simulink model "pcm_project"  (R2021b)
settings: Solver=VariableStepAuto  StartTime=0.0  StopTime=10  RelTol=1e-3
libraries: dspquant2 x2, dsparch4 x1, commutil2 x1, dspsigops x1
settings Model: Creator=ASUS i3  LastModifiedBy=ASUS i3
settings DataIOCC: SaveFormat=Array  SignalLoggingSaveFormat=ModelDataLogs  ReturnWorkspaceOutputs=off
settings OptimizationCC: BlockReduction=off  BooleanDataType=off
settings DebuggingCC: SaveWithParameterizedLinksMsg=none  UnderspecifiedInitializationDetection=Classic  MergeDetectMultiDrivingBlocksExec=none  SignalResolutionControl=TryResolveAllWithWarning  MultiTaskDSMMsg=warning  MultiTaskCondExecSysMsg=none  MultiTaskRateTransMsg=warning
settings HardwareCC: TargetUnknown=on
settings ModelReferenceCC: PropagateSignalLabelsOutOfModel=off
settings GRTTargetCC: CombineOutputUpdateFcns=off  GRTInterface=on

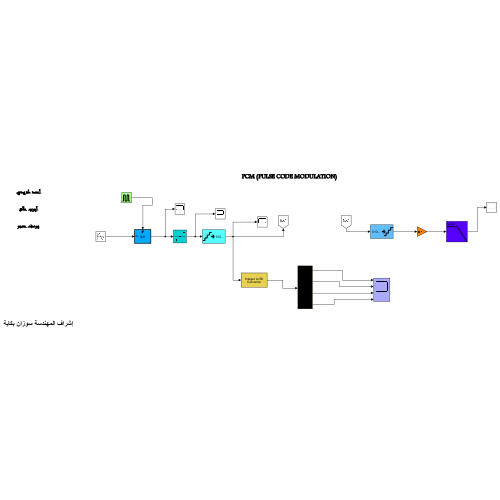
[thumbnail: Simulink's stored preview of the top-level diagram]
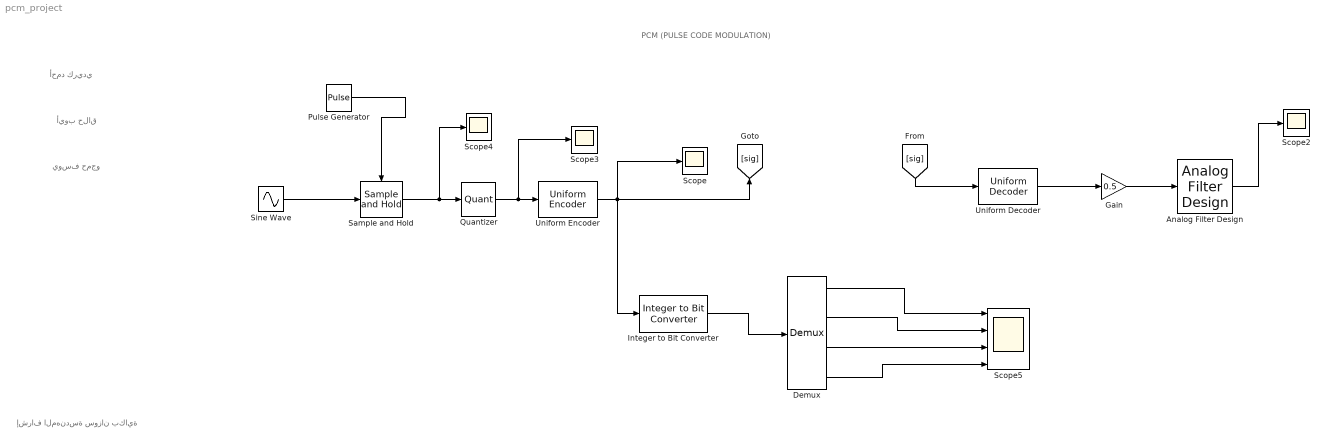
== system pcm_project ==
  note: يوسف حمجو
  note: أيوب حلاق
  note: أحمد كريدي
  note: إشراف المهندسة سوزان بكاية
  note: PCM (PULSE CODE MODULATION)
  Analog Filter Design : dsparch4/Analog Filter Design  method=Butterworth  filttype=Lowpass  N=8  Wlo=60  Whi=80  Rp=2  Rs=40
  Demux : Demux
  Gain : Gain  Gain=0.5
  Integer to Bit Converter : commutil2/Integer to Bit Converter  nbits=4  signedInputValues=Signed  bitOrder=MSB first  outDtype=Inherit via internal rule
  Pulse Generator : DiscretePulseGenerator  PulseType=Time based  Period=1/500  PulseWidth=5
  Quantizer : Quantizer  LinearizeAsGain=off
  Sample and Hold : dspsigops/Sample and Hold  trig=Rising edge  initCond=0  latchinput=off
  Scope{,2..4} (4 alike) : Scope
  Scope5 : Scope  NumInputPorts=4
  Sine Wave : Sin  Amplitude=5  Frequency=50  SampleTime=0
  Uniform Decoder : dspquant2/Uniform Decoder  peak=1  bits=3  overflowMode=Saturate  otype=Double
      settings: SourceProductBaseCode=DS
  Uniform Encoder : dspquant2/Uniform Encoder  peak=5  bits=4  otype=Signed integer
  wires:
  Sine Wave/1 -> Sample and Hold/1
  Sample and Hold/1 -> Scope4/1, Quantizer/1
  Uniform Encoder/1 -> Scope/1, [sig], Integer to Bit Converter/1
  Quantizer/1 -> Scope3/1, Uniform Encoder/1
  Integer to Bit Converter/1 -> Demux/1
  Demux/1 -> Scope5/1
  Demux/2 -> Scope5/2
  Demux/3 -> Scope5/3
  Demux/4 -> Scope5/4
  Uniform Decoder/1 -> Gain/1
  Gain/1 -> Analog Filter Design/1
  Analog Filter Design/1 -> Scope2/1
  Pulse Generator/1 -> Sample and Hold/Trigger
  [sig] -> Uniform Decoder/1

» Task objective
Only the lines of the listing above from the one with "settings HardwareCC: TargetUnknown=on" through the one with "Gain : Gain" should be output, exactly, with both ends kept and pictures left out.

» Problem solution
settings HardwareCC: TargetUnknown=on
settings ModelReferenceCC: PropagateSignalLabelsOutOfModel=off
settings GRTTargetCC: CombineOutputUpdateFcns=off  GRTInterface=on

[thumbnail: Simulink's stored preview of the top-level diagram]
== system pcm_project ==
  note: يوسف حمجو
  note: أيوب حلاق
  note: أحمد كريدي
  note: إشراف المهندسة سوزان بكاية
  note: PCM (PULSE CODE MODULATION)
  Analog Filter Design : dsparch4/Analog Filter Design  method=Butterworth  filttype=Lowpass  N=8  Wlo=60  Whi=80  Rp=2  Rs=40
  Demux : Demux
  Gain : Gain  Gain=0.5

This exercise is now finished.